Landlord shall provide Tenant with parking, as hereinafter set forth,
upon payment of the then monthly rate for parking spaces in the area(s) on the
property designated by the Landlord for parking. The monthly rate for each
parking space shall be $190.00 per month for the one year period beginning on
the Term Commencement Date and shall thereafter be the prevailing market rate
for parking spaces in garages in comparable buildings located in the area of
Cambridge, Massachusetts where the Building is located. Tenant shall abide by
any and all reasonable parking regulations and rules established by Landlord or
Landlord's parking operator. Tenant shall be provided with one (1) parking space
for every 1,000 p.s.f. of the Premises. A fraction of 1/2 or greater shall
entitle Tenant to a full parking space. Tenant shall specify the number of
spaces required from time to time, up to its permissible maximum, upon thirty
(30) days' advance written notice to Landlord and shall pay the charge therefor
from and after the date of delivery of such space. In the event Tenant does not
require the use of all of its permissible maximum number of parking, spaces,
Landlord may allocate unused parking spaces to other users, provided such
parking spaces shall be made available to Tenant within thirty (30) days of
Tenant's notice that such parking spaces are required.

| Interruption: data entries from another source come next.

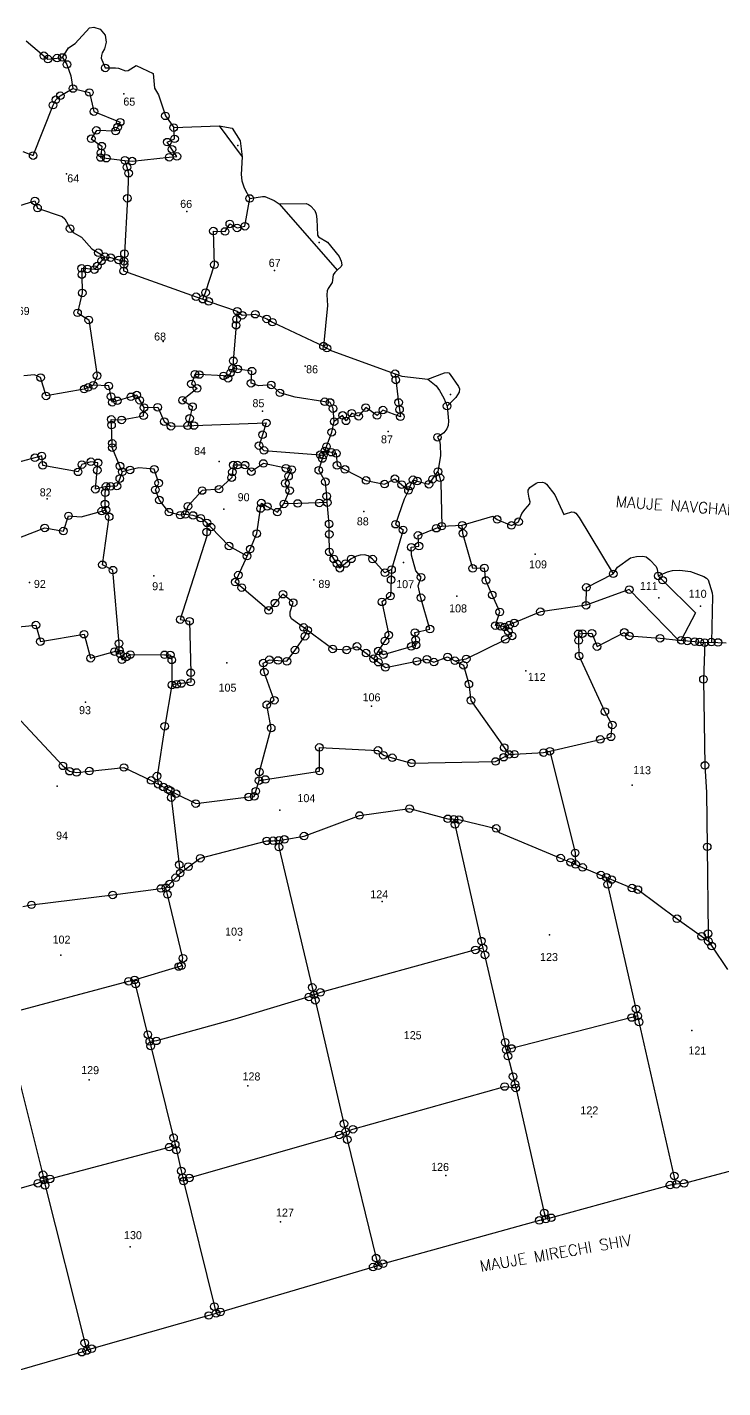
# Model space of a CAD drawing. Header units: metres. Extents: x 272249 to 276425, y 2131498 to 2137677.
# Drawn here: x 274971 to 275686, y 2135408 to 2136806 of the extents above; entities that cross this region are included whole.
import ezdxf

# ---------------------------------------------------------------- set-up
doc = ezdxf.new("R2010")
doc.units = ezdxf.units.M
for name, color, linetype in [('POINT_PARCEL', 7, 'Continuous'), ('POLY_PARCEL', 6, 'Continuous'), ('POLY_ROAD', 30, 'Continuous'), ('TEXT_MAPOUT', 7, 'Continuous'), ('TEXT_PARCEL', 7, 'Continuous'), ('V_BOUND_LINE', 7, 'Continuous')]:
    doc.layers.add(name, color=color, linetype=linetype)
doc.styles.get("Standard").update_dxf_attribs({"font": 'simplex.shx'})
doc.styles.add('TEXT_MAP', font='')
doc.styles.get('TEXT_MAP').set_extended_font_data('Kruti Dev 050')

msp = doc.modelspace()

# ---------------------------------------------------------------- linework, layer by layer
for centre in [(274988.3, 2136777.2), (274992.5, 2136773.8), (275001.9, 2136774.8), (275007.3, 2136775.4), (275012, 2136768.2), (275051.3, 2136764.6), (275000.6, 2136732), (275005.2, 2136736.1), (275018.2, 2136743.5), (275035.1, 2136739.4), (274997.7, 2136726.4), (275039.7, 2136719.8), (275064.1, 2136703.9), (275066.7, 2136708.9), (275113.1, 2136715.4), (275121.7, 2136703.3), (275037, 2136691.9), (275042.3, 2136700.5), (275062, 2136699.8), (275115, 2136688.4), (275122.6, 2136691.8), (274977.3, 2136674.6), (275047, 2136677.3), (275047.8, 2136684.3), (275119.9, 2136681.1), (275046.5, 2136672.6), (275052.4, 2136671.9), (275071.6, 2136669.7), (275073.6, 2136662.7), (275079, 2136668.9), (275117.1, 2136672.8), (275125, 2136673.7), (275075.3, 2136656.5), (274979.1, 2136628), (274981.8, 2136620.6), (275074.1, 2136630.7), (275199.7, 2136630.5), (275179.3, 2136604.4), (275015.2, 2136599.5), (275162.4, 2136597), (275174.4, 2136596.6), (275186.7, 2136600.2), (275194.8, 2136602), (275044.3, 2136574.8), (275047.5, 2136566.4), (275051, 2136570.6), (275056.9, 2136569.8), (275065.2, 2136567.3), (275070.6, 2136562.7), (275070.7, 2136566), (275071.1, 2136573.8), (275163.5, 2136562.4), (275027.1, 2136558.7), (275027.3, 2136552.3), (275033.1, 2136558.1), (275040.2, 2136557.4), (275043.2, 2136561.1), (275070.2, 2136556.1), (275027.8, 2136533.5), (275144.6, 2136529.5), (275151.6, 2136527), (275154.4, 2136533.8), (275157.7, 2136524.8), (275022.9, 2136513), (275186.3, 2136506.4), (275187, 2136514.7), (275192.1, 2136510.5), (275205.4, 2136511.6), (275217.2, 2136506.7), (275034.4, 2136505.7), (275185.8, 2136500.3), (275223.1, 2136503.4), (275275.5, 2136478.8), (275279.1, 2136476.7), (275180, 2136451.2), (275182.3, 2136455.9), (275182.9, 2136463.7), (275187.5, 2136455.2), (275202, 2136453.1), (275349, 2136450.4), (274984.9, 2136446.4), (275033.8, 2136436.4), (275039.1, 2136438.6), (275043, 2136448.4), (275055, 2136437.9), (275139.8, 2136440), (275143.5, 2136449.8), (275147.9, 2136449.6), (275172.8, 2136448.2), (275177.5, 2136445.8), (275201.1, 2136440.6), (275221.8, 2136438.9), (275349.8, 2136444.1), (274990.6, 2136427.6), (275029.7, 2136434.6), (275057.3, 2136426.9), (275063.7, 2136422.6), (275077.7, 2136426.7), (275083.8, 2136428.5), (275086.8, 2136423.2), (275130.7, 2136423.2), (275145.6, 2136435.4), (275230.7, 2136430.8), (275058.5, 2136421.1), (275091.2, 2136415.6), (275105.2, 2136416), (275141, 2136416.6), (275276.8, 2136421.7), (275282.3, 2136420.9), (275285.3, 2136414.6), (275304.6, 2136409.9), (275318.9, 2136415.6), (275336.6, 2136413.1), (275352.7, 2136420.9), (275353.6, 2136413.6), (275402.4, 2136417.2), (275057.5, 2136403.5), (275057.8, 2136397.7), (275068.1, 2136403), (275090.7, 2136407.2), (275112, 2136401.2), (275118.8, 2136396.4), (275136.1, 2136397), (275138, 2136404.5), (275142.4, 2136397.2), (275216.7, 2136399.9), (275286.5, 2136401.2), (275295.2, 2136407.6), (275298.7, 2136402), (275311.6, 2136406.7), (275330.5, 2136407.5), (275354.5, 2136406.2), (275212.9, 2136387.8), (275284, 2136390.3), (275392.6, 2136385.1), (275058.5, 2136378.8), (275058.6, 2136374.5), (275209.3, 2136376.6), (275214.3, 2136371.7), (275272.1, 2136367.2), (275275.4, 2136366.9), (275277, 2136371.2), (275278.6, 2136375.5), (275283.6, 2136369.8), (275288.6, 2136368.6), (274979.1, 2136364.1), (274986.1, 2136366), (274987.1, 2136356.2), (275027.4, 2136357.1), (275036.6, 2136360), (275043.9, 2136358.9), (275066.5, 2136355.5), (275101.7, 2136352.3), (275182.8, 2136356.6), (275187.2, 2136356.6), (275195, 2136356.5), (275213.8, 2136358.2), (275237, 2136353.3), (275274.4, 2136363.3), (275289.5, 2136356.3), (275023.5, 2136349.6), (275043.2, 2136351.2), (275066.3, 2136342.7), (275068.9, 2136349.7), (275076.9, 2136351.6), (275181.2, 2136343.7), (275181.9, 2136349.4), (275201.4, 2136349.9), (275239.6, 2136345), (275242.9, 2136352), (275270.7, 2136351.2), (275277.5, 2136339.4), (275297.6, 2136352.1), (275319.3, 2136340.8), (275348.8, 2136342.5), (275367.5, 2136341.5), (275371.8, 2136340.2), (275387.5, 2136342), (275393.1, 2136349.8), (275395.1, 2136343.6), (275041.2, 2136331.7), (275051.3, 2136328.1), (275052.2, 2136334.6), (275056.8, 2136334.7), (275063.3, 2136334.9), (275102.8, 2136331.1), (275106.3, 2136338.1), (275150.9, 2136330.4), (275168.2, 2136331.8), (275236.2, 2136337.8), (275240.7, 2136330.4), (275278.8, 2136324.5), (275338.2, 2136337.1), (275355.8, 2136336.5), (275362.8, 2136330.6), (275364.7, 2136334.9), (275383.8, 2136336.8), (275051.1, 2136316.5), (275052.1, 2136310.5), (275107, 2136320.6), (275136.3, 2136314.3), (275210.9, 2136311.9), (275211.7, 2136317.5), (275217.8, 2136314), (275234.9, 2136316.6), (275249, 2136317.1), (275271.2, 2136317.7), (275279.4, 2136318), (275013.6, 2136304.4), (275047.7, 2136309.3), (275055.4, 2136303.4), (275116.7, 2136308.2), (275128.4, 2136305.1), (275133.6, 2136305.8), (275141.5, 2136304.8), (275149.5, 2136302), (275155.8, 2136297.2), (275228.2, 2136308.2), (275453.9, 2136300.8), (275475.9, 2136298.3), (274989.2, 2136292), (275008.4, 2136288.8), (275155.6, 2136287.8), (275159.9, 2136292.8), (275207, 2136286.1), (275281.3, 2136296.1), (275281.4, 2136285.5), (275349.5, 2136295.8), (275357.2, 2136290), (275372.7, 2136284.3), (275391.4, 2136291.7), (275396.9, 2136293.8), (275418.1, 2136294.7), (275418.7, 2136286.4), (275468.6, 2136294.6), (275178.5, 2136273.3), (275200.2, 2136270.3), (275365.7, 2136272.1), (275373.6, 2136273.3), (275197, 2136263), (275281.6, 2136267.4), (275286.1, 2136260.2), (275289.4, 2136255.1), (275298.2, 2136255.4), (275304, 2136260.2), (275325.9, 2136260), (275048.4, 2136254.1), (275059.2, 2136248.6), (275188.1, 2136243.5), (275292.3, 2136250.5), (275338.6, 2136246), (275345.4, 2136249.1), (275375.7, 2136241.3), (275428.8, 2136250.4), (275440.8, 2136250.8), (275573.1, 2136244.8), (275619.4, 2136242.7), (275184.8, 2136236.4), (275191.5, 2136230.7), (275345, 2136238.7), (275442.3, 2136238), (275545.5, 2136230.9), (275589.6, 2136228.6), (275623.8, 2136238.3), (275225.7, 2136214.7), (275233.8, 2136223.9), (275244.4, 2136215.3), (275335.6, 2136216), (275344.2, 2136222), (275375.6, 2136220.3), (275448.8, 2136223.1), (275545.2, 2136212.5), (275219.2, 2136207.2), (275456.5, 2136205.6), (275498.3, 2136205.9), (274980.2, 2136192.2), (275128.4, 2136197.8), (275137.9, 2136196.1), (275255.1, 2136189.8), (275259.2, 2136186.9), (275369.4, 2136184.5), (275384.9, 2136188.1), (275452.1, 2136191.6), (275457.3, 2136190.9), (275461.7, 2136190.2), (275465.4, 2136185.7), (275466.7, 2136192.3), (275471.4, 2136194.3), (275584.5, 2136184.6), (274984.8, 2136175.2), (275029.6, 2136182.8), (275065.5, 2136173.2), (275256.4, 2136180.7), (275338.6, 2136175.9), (275342.6, 2136181.9), (275370.2, 2136177), (275370.7, 2136171.8), (275462.3, 2136177.5), (275469.3, 2136181), (275537.3, 2136183.2), (275537.6, 2136176.3), (275541.5, 2136183.4), (275551.2, 2136183.8), (275589.6, 2136181), (275621.2, 2136178.6), (275643, 2136176.5), (275649.3, 2136175.9), (275656.8, 2136175.2), (275661.8, 2136174.7), (275667.1, 2136174.2), (275674, 2136174.7), (275680.7, 2136174.3), (275036.3, 2136158.1), (275061, 2136164.9), (275065.8, 2136166.2), (275066.9, 2136162.3), (275068.5, 2136156.6), (275073, 2136159.4), (275077.2, 2136161.9), (275112.2, 2136161.6), (275118.1, 2136161.5), (275219.9, 2136156.6), (275246.3, 2136166.5), (275285, 2136167.6), (275299.3, 2136166.6), (275309.9, 2136170.3), (275319.3, 2136163.4), (275327, 2136157.6), (275331.7, 2136165.5), (275337, 2136161.8), (275365.7, 2136170.3), (275381.7, 2136157), (275403, 2136159.4), (275422.2, 2136157.4), (275538.1, 2136160.5), (275556.5, 2136170), (275119.7, 2136156.4), (275139.2, 2136143.1), (275213.7, 2136153.1), (275214.7, 2136143.8), (275228.8, 2136155.8), (275238, 2136154.9), (275331.9, 2136154), (275339.1, 2136148.7), (275371.4, 2136155), (275388.9, 2136154.1), (275410.5, 2136155.5), (275419.3, 2136150.9), (275119.8, 2136130.6), (275124.6, 2136131.4), (275129.5, 2136132.1), (275139.1, 2136133.5), (275424.8, 2136131.5), (275665.8, 2136136.4), (275224.9, 2136114.9), (275426.9, 2136114.8), (275217.3, 2136110.3), (275564.5, 2136103.3), (275112.5, 2136088.2), (275572.1, 2136089.6), (275221.8, 2136086.3), (275559.8, 2136074.7), (275570.9, 2136077.3), (275271.3, 2136066.5), (275331.6, 2136063.4), (275461.1, 2136066.3), (275466.1, 2136059.2), (275471.7, 2136059.5), (275501.6, 2136061.1), (275508, 2136062.5), (275007.8, 2136047.5), (275070.5, 2136045.8), (275337, 2136058.4), (275346.1, 2136055.9), (275365.9, 2136050.4), (275452.2, 2136052), (275460.7, 2136056.4), (275667.3, 2136047.9), (275014.7, 2136042), (275021.9, 2136040.7), (275035.1, 2136042.1), (275098.5, 2136032.5), (275104.6, 2136037), (275209.3, 2136032.4), (275209.7, 2136041.3), (275215.8, 2136033.5), (275271.4, 2136042.1), (275105.7, 2136028.6), (275110.9, 2136025.8), (275115.8, 2136023.3), (275118.3, 2136021.9), (275124.1, 2136018.9), (275206, 2136021.5), (275119.1, 2136014.9), (275144.3, 2136008.7), (275198.8, 2136015.5), (275204.4, 2136016.1), (275364, 2136003.6), (275312.5, 2135996.5), (275403.2, 2135993.1), (275409.4, 2135992.7), (275414.6, 2135992.3), (275255.6, 2135975.4), (275410.6, 2135987.3), (275452.9, 2135983.2), (275217.3, 2135970.3), (275223.7, 2135970.6), (275229.8, 2135964.1), (275229.9, 2135971), (275235.3, 2135971.9), (275669.6, 2135964.3), (275149, 2135952.5), (275519, 2135952.7), (275529.3, 2135948.4), (275534, 2135958.1), (275127.3, 2135945.9), (275128.3, 2135937.3), (275136.7, 2135943.9), (275534.5, 2135946.2), (275541.6, 2135943.2), (275560.4, 2135935.3), (275565.9, 2135933), (275108.5, 2135921.5), (275113.7, 2135922.2), (275117.4, 2135926), (275123.7, 2135932.5), (275567.5, 2135925.7), (275571.4, 2135930.7), (275592.5, 2135921.9), (275598.4, 2135920.3), (275059, 2135914.9), (275115.3, 2135915.4), (274975.6, 2135904.7), (275638.6, 2135890.4), (275437.8, 2135867.4), (275663.8, 2135872.4), (275670.5, 2135875.2), (275670.8, 2135867.3), (275131.2, 2135849.8), (275431.5, 2135858.4), (275439.5, 2135860.3), (275441.3, 2135853.2), (275674.3, 2135862.3), (275126.9, 2135841.3), (275129.6, 2135842.1), (275075.3, 2135826.2), (275081.5, 2135827.6), (275082.5, 2135823.3), (275260.6, 2135810.1), (275264, 2135819.9), (275265.8, 2135812.2), (275272.4, 2135814.7), (275267.1, 2135806.6), (275596.5, 2135797.8), (275592.1, 2135788.9), (275598.2, 2135790.5), (275599.6, 2135784.3), (275095.1, 2135771.4), (275097.1, 2135764.3), (275098.1, 2135759.5), (275103.9, 2135764.9), (275462.1, 2135763.4), (275463.3, 2135755.7), (275468.6, 2135757.1), (275465, 2135749.2), (275470.2, 2135728.2), (275461.6, 2135718), (275472.2, 2135720.4), (275473, 2135716.5), (275291.9, 2135668.2), (275296.5, 2135679.8), (275298.4, 2135671.5), (275305.7, 2135674.1), (275117.1, 2135655.7), (275121.5, 2135665.4), (275123.2, 2135658.4), (275299.9, 2135663.4), (275124.5, 2135652.6), (274987.4, 2135627.4), (275129.4, 2135631.3), (275635.8, 2135626.2), (274982.2, 2135618.6), (274988.4, 2135621.9), (274989.6, 2135616.4), (274994.6, 2135623), (275130.9, 2135624.5), (275131.8, 2135620.8), (275137.6, 2135624), (275631.5, 2135616.7), (275637.8, 2135617.5), (275645.8, 2135618.5), (275502.2, 2135588.1), (275497.2, 2135580.4), (275503.8, 2135581.8), (275509.4, 2135583.1), (275329.6, 2135541.7), (275326.5, 2135532.5), (275331.5, 2135533.9), (275336.7, 2135535.9), (275163.4, 2135491.9), (275169.7, 2135486.3), (275157.7, 2135482.7), (275165.2, 2135484.9), (275027.3, 2135445), (275030.3, 2135454.5), (275032.3, 2135446.7), (275037.4, 2135448.6)]:
    msp.add_circle(centre, 3.89)
at = {"layer": 'POINT_PARCEL'}
for p in [(275070.5, 2136738), (275187.6, 2136684.9), (275011.7, 2136655.7), (275135.3, 2136617), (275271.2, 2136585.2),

10.19 Building Directory. Tenant shall have the right to not more than
Tenant's then percentage of the rentable area of the Building, calculated as in
Section 4.2.4, above, of the listings on the lobby directory of the Building.
The listing of one or more names of persons other than Tenant on such lobby
directory shall not be construed as a consent by Landlord to an assignment or a
subletting by Tenant to such person or persons. Landlord agrees while this Lease
is in effect (i) not (of its own initiative) to change the present address of
the Building, and (ii) not to name the Building after a business competitor of
Tenant.
10.20 Tenant's Right to Cure.
If Landlord defaults in the performance or observance of any of its
covenants or obligations set forth in this Lease, Tenant shall give Landlord
notice specifying in what manner Landlord has defaulted and if Landlord shall
not within twenty (20) days of such notice commence and thereafter diligently
pursue to completion the cure of such default (except that if such default shall
render the Premises or any part thereof exceeding twenty percent (20%) thereof
unusable for the Permitted Uses or shall constitute an immediate danger to life
or property the initial twenty (20) day period described above shall, for
purposes of this paragraph, be deemed to be three (3) days), Tenant may
forthwith cure the same and invoice Landlord for costs and expenses (including
reasonable attorneys' fees and court costs) incurred by Tenant in curing the
same, together with interest from the date Landlord receives Tenant's invoice,
at a rate equal to the lesser of two percent (2 %) over the base rate in effect
from time to time at BankBoston, N.A. or the maximum rate allowed by law. In no
event, however, shall such right to reimbursement give rise to any right of
setoff or other reduction of the rent or any other sum due from Tenant to
Landlord hereunder, Tenant's sole remedy being the right to bring a separate,
independent suit against Landlord for such reimbursement.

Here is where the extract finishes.